What we measured (the honest results)
| experiment | result | report |
|---|---|---|
| Ledger A/B — routed vs full verification, same candidate set | 0 false suppressions; 61% saving per routed candidate; ±0 overall at a 10% route rate — the payoff scales with re-tread density, and the demote path is not yet exercised | phase2-ab-2026-06.md |
| Review-history census — 185 merged PRs + 50 post-merge fixes | 7 adjudicated escape classes (~4% of PRs) → 7 verified guideline changes; the design-class lens backtested 0/3 → 3/3 on the original missed diff, 0/4 over-fires on controls | mining-2026-06.md |
| Review-history census #2 — 45 merged PRs #262–#328 | escape leg FAILS zero-recurrence: 3 of the 7 named classes recurred (rate ~4.4% by escape-classified fix commits ≈ the prior 3.78%, so severity held — rules aimed right, adherence at review- not author-stage); stale-external-fact rounds 0; 3 disposition drops (vs 4); arch-drift PASS (6 invariants verified at HEAD, 4 cross-PR seams logged); sharp-edge citation baseline 3/27 | mining-2026-06-262-328.md |
| Onboarding proxy — with/without KB, 2 tasks × 2 arms | Null on first-pass quality — arms indistinguishable, consistent with the load-bearing lessons already being in the code; the KB’s prescribed process duties executed at +19% token overhead (n=2, contamination caveats in the report) | phase3-onboarding-2026-06.md |
The null is the most instructive row: it is what the conveyor succeeding looks like. Once a lesson reaches the code, the prose that carried it becomes scaffolding — which is exactly why the investment ranking puts code first and prose last.
The two design principles
The graveyard rule. This repo once had a beautifully written agent guide that nothing loaded; it went stale within weeks and was deleted, its one not-already-covered rule salvaged. Knowledge files live or die by their load path, not their quality.
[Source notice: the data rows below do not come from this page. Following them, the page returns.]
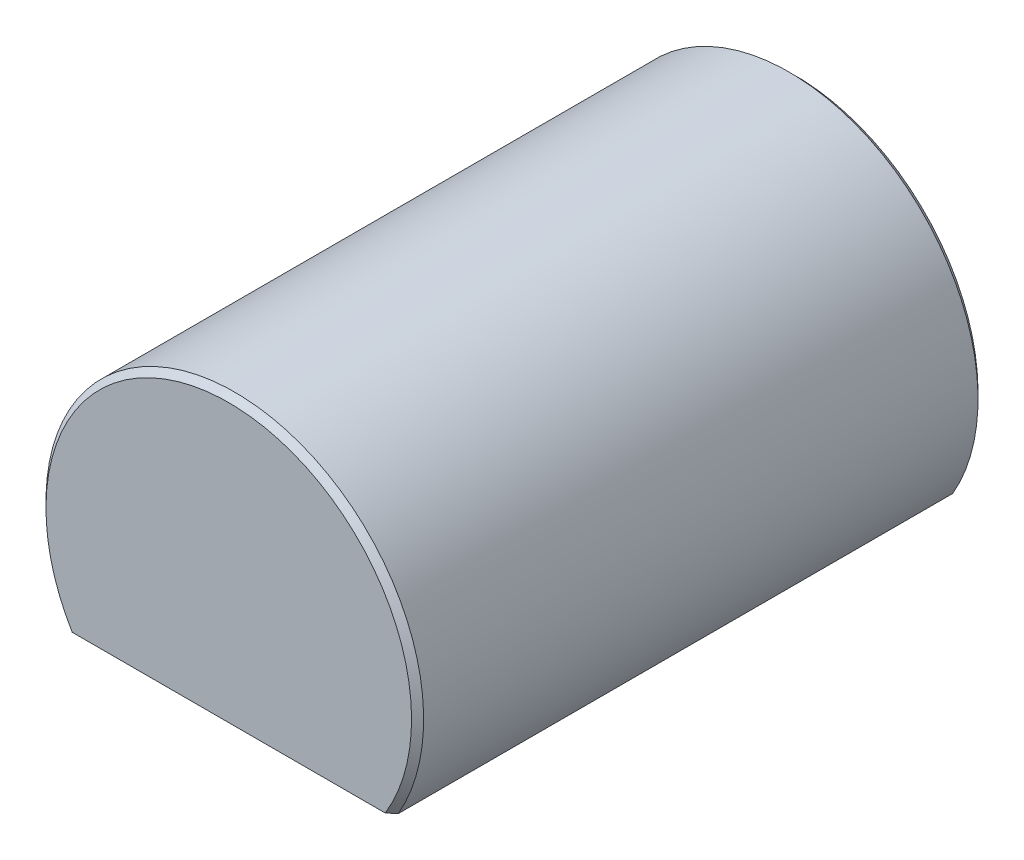
ISO-10303-21;
HEADER;
FILE_DESCRIPTION(('STEP AP214'),'2;1');
FILE_NAME('part.step','',(''),(''),'','','');
FILE_SCHEMA(('AUTOMOTIVE_DESIGN { 1 0 10303 214 1 1 1 1 }'));
ENDSEC;
DATA;
#1=APPLICATION_CONTEXT('core data for automotive mechanical design processes');
#2=APPLICATION_PROTOCOL_DEFINITION('international standard','automotive_design',2000,#1);
#3=PRODUCT_CONTEXT('',#1,'mechanical');
#4=PRODUCT('Part','Part','',(#3));
#5=PRODUCT_RELATED_PRODUCT_CATEGORY('part','',(#4));
#6=PRODUCT_DEFINITION_FORMATION('','',#4);
#7=PRODUCT_DEFINITION_CONTEXT('part definition',#1,'design');
#8=PRODUCT_DEFINITION('design','',#6,#7);
#9=PRODUCT_DEFINITION_SHAPE('','',#8);
#10=(LENGTH_UNIT() NAMED_UNIT(*) SI_UNIT(.MILLI.,.METRE.));
#11=(NAMED_UNIT(*) PLANE_ANGLE_UNIT() SI_UNIT($,.RADIAN.));
#12=(NAMED_UNIT(*) SI_UNIT($,.STERADIAN.) SOLID_ANGLE_UNIT());
#13=UNCERTAINTY_MEASURE_WITH_UNIT(LENGTH_MEASURE(1.E-05),#10,'distance_accuracy_value','');
#14=(GEOMETRIC_REPRESENTATION_CONTEXT(3) GLOBAL_UNCERTAINTY_ASSIGNED_CONTEXT((#13)) GLOBAL_UNIT_ASSIGNED_CONTEXT((#10,
#11,#12)) REPRESENTATION_CONTEXT('',''));
#15=CARTESIAN_POINT('',(0.,0.,0.));
#16=DIRECTION('',(0.,0.,1.));
#17=DIRECTION('',(1.,0.,0.));
#18=AXIS2_PLACEMENT_3D('',#15,#16,#17);
#19=CARTESIAN_POINT('',(0.,0.,19.05));
#20=DIRECTION('',(0.,0.,-1.));
#21=DIRECTION('',(-1.,0.,0.));
#22=AXIS2_PLACEMENT_3D('',#19,#20,#21);
#23=CYLINDRICAL_SURFACE('',#22,12.7);
#24=CARTESIAN_POINT('',(0.,0.,18.6436));
#25=DIRECTION('',(0.,0.,1.));
#26=DIRECTION('',(1.,0.,0.));
#27=AXIS2_PLACEMENT_3D('',#24,#25,#26);
#28=CIRCLE('',#27,12.7);
#29=CARTESIAN_POINT('',(-10.9985226280624,-6.35,18.6436));
#30=VERTEX_POINT('',#29);
#31=CARTESIAN_POINT('',(10.9985226280624,-6.35,18.6436));
#32=VERTEX_POINT('',#31);
#33=EDGE_CURVE('E224',#30,#32,#28,.F.);
#34=ORIENTED_EDGE('',*,*,#33,.T.);
#35=DIRECTION('',(0.,0.,1.));
#36=VECTOR('',#35,1.);
#37=CARTESIAN_POINT('',(10.9985226280624,-6.35,-19.05));
#38=LINE('',#37,#36);
#39=CARTESIAN_POINT('',(10.9985226280624,-6.35,-18.6436));
#40=VERTEX_POINT('',#39);
#41=EDGE_CURVE('E212',#40,#32,#38,.T.);
#42=ORIENTED_EDGE('',*,*,#41,.F.);
#43=CARTESIAN_POINT('',(0.,0.,-18.6436));
#44=DIRECTION('',(0.,0.,1.));
#45=DIRECTION('',(1.,0.,0.));
#46=AXIS2_PLACEMENT_3D('',#43,#44,#45);
#47=CIRCLE('',#46,12.7);
#48=CARTESIAN_POINT('',(-10.9985226280624,-6.35,-18.6436));
#49=VERTEX_POINT('',#48);
#50=EDGE_CURVE('E257',#40,#49,#47,.T.);
#51=ORIENTED_EDGE('',*,*,#50,.T.);
#52=DIRECTION('',(0.,0.,1.));
#53=VECTOR('',#52,1.);
#54=CARTESIAN_POINT('',(-10.9985226280624,-6.35,-19.05));
#55=LINE('',#54,#53);
#56=EDGE_CURVE('E213',#49,#30,#55,.T.);
#57=ORIENTED_EDGE('',*,*,#56,.T.);
#58=EDGE_LOOP('',(#34,#42,#51,#57));
#59=FACE_BOUND('',#58,.T.);
#60=ADVANCED_FACE('F44',(#59),#23,.T.);
#61=CARTESIAN_POINT('',(0.,0.,19.05));
#62=DIRECTION('',(0.,0.,1.));
#63=DIRECTION('',(1.,0.,0.));
#64=AXIS2_PLACEMENT_3D('',#61,#62,#63);
#65=PLANE('',#64);
#66=DIRECTION('',(-1.,0.,0.));
#67=VECTOR('',#66,1.);
#68=CARTESIAN_POINT('',(-10.9985226280624,-6.35,19.05));
#69=LINE('',#68,#67);
#70=CARTESIAN_POINT('',(10.5266376854151,-6.35,19.05));
#71=VERTEX_POINT('',#70);
#72=CARTESIAN_POINT('',(-10.5266376854151,-6.35,19.05));
#73=VERTEX_POINT('',#72);
#74=EDGE_CURVE('E70',#71,#73,#69,.T.);
#75=ORIENTED_EDGE('',*,*,#74,.F.);
#76=CARTESIAN_POINT('',(0.,0.,19.05));
#77=DIRECTION('',(0.,0.,1.));
#78=DIRECTION('',(1.,0.,0.));
#79=AXIS2_PLACEMENT_3D('',#76,#77,#78);
#80=CIRCLE('',#79,12.2936);
#81=EDGE_CURVE('E264',#71,#73,#80,.T.);
#82=ORIENTED_EDGE('',*,*,#81,.T.);
#83=EDGE_LOOP('',(#75,#82));
#84=FACE_BOUND('',#83,.T.);
#85=ADVANCED_FACE('F246',(#84),#65,.T.);
#86=CARTESIAN_POINT('',(0.,0.,-19.05));
#87=DIRECTION('',(0.,0.,1.));
#88=DIRECTION('',(1.,0.,0.));
#89=AXIS2_PLACEMENT_3D('',#86,#87,#88);
#90=PLANE('',#89);
#91=CARTESIAN_POINT('',(0.,0.,-19.05));
#92=DIRECTION('',(0.,0.,1.));
#93=DIRECTION('',(1.,0.,0.));
#94=AXIS2_PLACEMENT_3D('',#91,#92,#93);
#95=CIRCLE('',#94,12.2936);
#96=CARTESIAN_POINT('',(-10.526637685415,-6.35,-19.05));
#97=VERTEX_POINT('',#96);
#98=CARTESIAN_POINT('',(10.526637685415,-6.35,-19.05));
#99=VERTEX_POINT('',#98);
#100=EDGE_CURVE('E258',#97,#99,#95,.F.);
#101=ORIENTED_EDGE('',*,*,#100,.T.);
#102=DIRECTION('',(-1.,0.,0.));
#103=VECTOR('',#102,1.);
#104=CARTESIAN_POINT('',(-10.9985226280624,-6.35,-19.05));
#105=LINE('',#104,#103);
#106=EDGE_CURVE('E209',#99,#97,#105,.T.);
#107=ORIENTED_EDGE('',*,*,#106,.T.);
#108=EDGE_LOOP('',(#101,#107));
#109=FACE_BOUND('',#108,.T.);
#110=ADVANCED_FACE('F242',(#109),#90,.F.);
#111=CARTESIAN_POINT('',(0.,0.,-18.6436));
#112=DIRECTION('',(0.,0.,1.));
#113=DIRECTION('',(1.,0.,0.));
#114=AXIS2_PLACEMENT_3D('',#111,#112,#113);
#115=CONICAL_SURFACE('',#114,12.7,0.785398163397442);
#116=CARTESIAN_POINT('',(-24.1992020869911,-6.35,-6.32512919047518));
#117=CARTESIAN_POINT('',(-23.6509869382432,-6.35,-6.85536211490282));
#118=CARTESIAN_POINT('',(-23.1022195259497,-6.35,-7.3850259119345));
#119=CARTESIAN_POINT('',(-22.0032518881739,-6.35,-8.4428788365182));
#120=CARTESIAN_POINT('',(-21.4530516443648,-6.35,-8.97106794502742));
#121=CARTESIAN_POINT('',(-20.3506224641282,-6.35,-10.0258909359674));
#122=CARTESIAN_POINT('',(-19.7983926345171,-6.35,-10.5525238854843));
#123=CARTESIAN_POINT('',(-18.6917274795608,-6.35,-11.6034616447447));
#124=CARTESIAN_POINT('',(-18.137292168478,-6.35,-12.1277664694974));
#125=CARTESIAN_POINT('',(-17.0366040126244,-6.35,-13.163003750541));
#126=CARTESIAN_POINT('',(-16.4904067902598,-6.35,-13.673995283932));
#127=CARTESIAN_POINT('',(-15.3944600388377,-6.35,-14.692150934083));
#128=CARTESIAN_POINT('',(-14.8447105330624,-6.35,-15.1993150758811));
#129=CARTESIAN_POINT('',(-13.7405823590837,-6.35,-16.2083553586836));
#130=CARTESIAN_POINT('',(-13.186204711765,-6.35,-16.7102326133756));
#131=CARTESIAN_POINT('',(-12.3497282442751,-6.35,-17.4575372646986));
#132=CARTESIAN_POINT('',(-12.0700885559439,-6.35,-17.7057166804438));
#133=CARTESIAN_POINT('',(-11.5088464560665,-6.35,-18.1998445291344));
#134=CARTESIAN_POINT('',(-11.2272440558672,-6.35,-18.4457929749584));
#135=CARTESIAN_POINT('',(-10.5969624135506,-6.35,-18.9909633091477));
#136=CARTESIAN_POINT('',(-10.2476833254017,-6.35,-19.289493518483));
#137=CARTESIAN_POINT('',(-9.54458879262238,-6.35,-19.8812434064931));
#138=CARTESIAN_POINT('',(-9.19077290631746,-6.35,-20.174462561309));
#139=CARTESIAN_POINT('',(-8.47356142440316,-6.35,-20.7568486061746));
#140=CARTESIAN_POINT('',(-8.11010411470456,-6.35,-21.0459399692012));
#141=CARTESIAN_POINT('',(-7.55909736362113,-6.35,-21.4719742388111));
#142=CARTESIAN_POINT('',(-7.37447647856671,-6.35,-21.6127052705204));
#143=CARTESIAN_POINT('',(-7.00297084250384,-6.35,-21.8911427942339));
#144=CARTESIAN_POINT('',(-6.81608615464465,-6.35,-22.0288493703059));
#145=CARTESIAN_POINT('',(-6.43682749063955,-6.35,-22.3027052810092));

Design the automatic reader first; every layer’s maintenance must ride an existing habit — the review workflow writes the ledger, CI runs the lints, the census files its own successor issue — because knowledge that needs someone to remember to maintain it is already dead.
The executability ladder. A lesson that recurs stops being text: this repo’s MSRV lesson is a build gate, its shell-injection lesson is a character-set guard, its socket-path lesson is a parity test. Prose is the weakest storage format for knowledge; the terminal rung is code — and the with/without experiment showed the terminal rung carrying tasks on its own.
Steal this (adoption order for another team)
- Mine your own review history first (zero new infrastructure): your merged MRs and post-merge fixes already contain your escape taxonomy and your false-positive classes. Ours took one afternoon and produced seven verified guideline changes — including the standing failure classes in step 2 and the disposition rule in step 3.
- Review briefs: two differentiated lenses, reasoning-before-verdict, negative-space lists, and your mined failure classes as standing items.
- A disposition rule: every review finding reaches a terminal state — our census caught an ignored finding becoming a release blocker.
- Promote on recurrence: the second occurrence of a lesson becomes a linter rule or a test, not another paragraph (for mobile teams, SwiftLint/detekt are excellent terminal rungs).
- A ledger only if you run repeated large reviews — its payoff scales with re-adjudication density: measure it, don’t assume it.
Efficiency metrics are only reported paired with their quality guard — a review that got cheaper by finding less is not a saving. Every claim on this page links to the report that grounds it.